[Collected data]

========================================================================

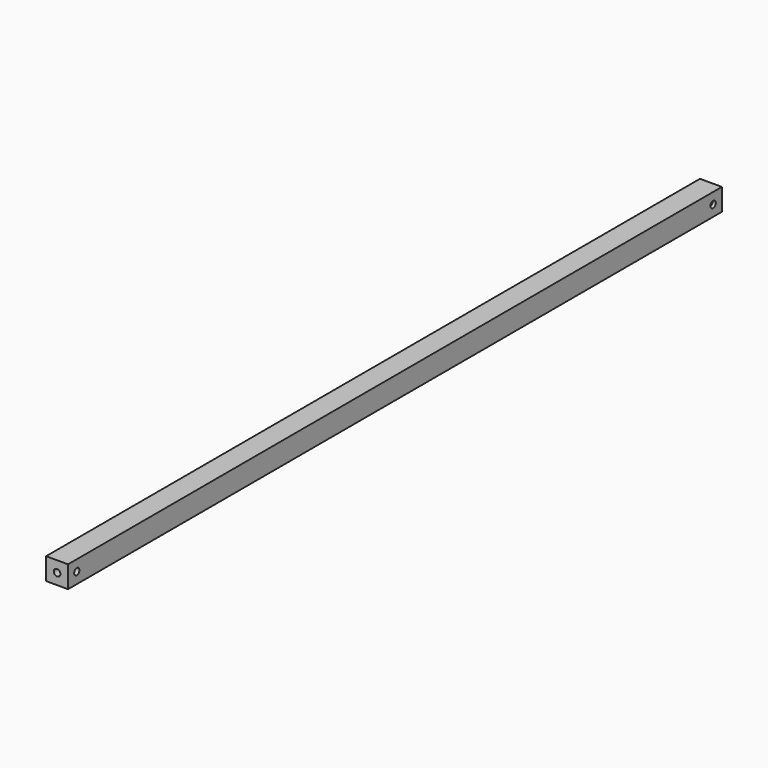
from build123d import *

# Parameters (mm, degrees)
F0_W     = 20
F0_H     = 20
F1_DEPTH = 372.4825
F2_R     = 3
F3_DEPTH = 12
F4_R     = 3
F5_DEPTH = 12
F6_R     = 3
F7_DEPTH = 3
F8_R     = 3
F9_DEPTH = 4


with BuildPart() as f1:
    # F0 (on Front) → F1 (new body, symmetric)
    with BuildSketch(Plane.XZ):
        with Locations((10, 10)):
            Rectangle(F0_W, F0_H)
    extrude(amount=F1_DEPTH, both=True)

    # F2 (on face) → F3 (cut)
    with BuildSketch(Plane.XZ.offset(372.4825)):
        with Locations((10, 10)):
            Circle(F2_R)
    extrude(amount=-F3_DEPTH, mode=Mode.SUBTRACT)

    # F4 (on face) → F5 (cut)
    with BuildSketch(Plane(origin=(0, 372.4825, 0), x_dir=(-1, 0, 0), z_dir=(0, 1, 0))):
        with Locations((-10, 10)):
            Circle(F4_R)
    extrude(amount=-F5_DEPTH, mode=Mode.SUBTRACT)

    # F6 (on face) → F7 (cut)
    with BuildSketch(Plane.YZ.offset(20)):
        with Locations((362.4825, 10)):
            Circle(F6_R)
    extrude(amount=-F7_DEPTH, mode=Mode.SUBTRACT)

    # F8 (on face) → F9 (cut)
    with BuildSketch(Plane.YZ.offset(20)):
        with Locations((-362.4825, 10)):
            Circle(F8_R)
    extrude(amount=-F9_DEPTH, mode=Mode.SUBTRACT)


solid = f1.part

========================================================================

Task goal: Could you please write out exactly the lines from the start of the entries above through the line that holds "# F0 (on Front)", both included, with no pictures?

Answer below:
from build123d import *

# Parameters (mm, degrees)
F0_W     = 20
F0_H     = 20
F1_DEPTH = 372.4825
F2_R     = 3
F3_DEPTH = 12
F4_R     = 3
F5_DEPTH = 12
F6_R     = 3
F7_DEPTH = 3
F8_R     = 3
F9_DEPTH = 4


with BuildPart() as f1:
    # F0 (on Front) → F1 (new body, symmetric)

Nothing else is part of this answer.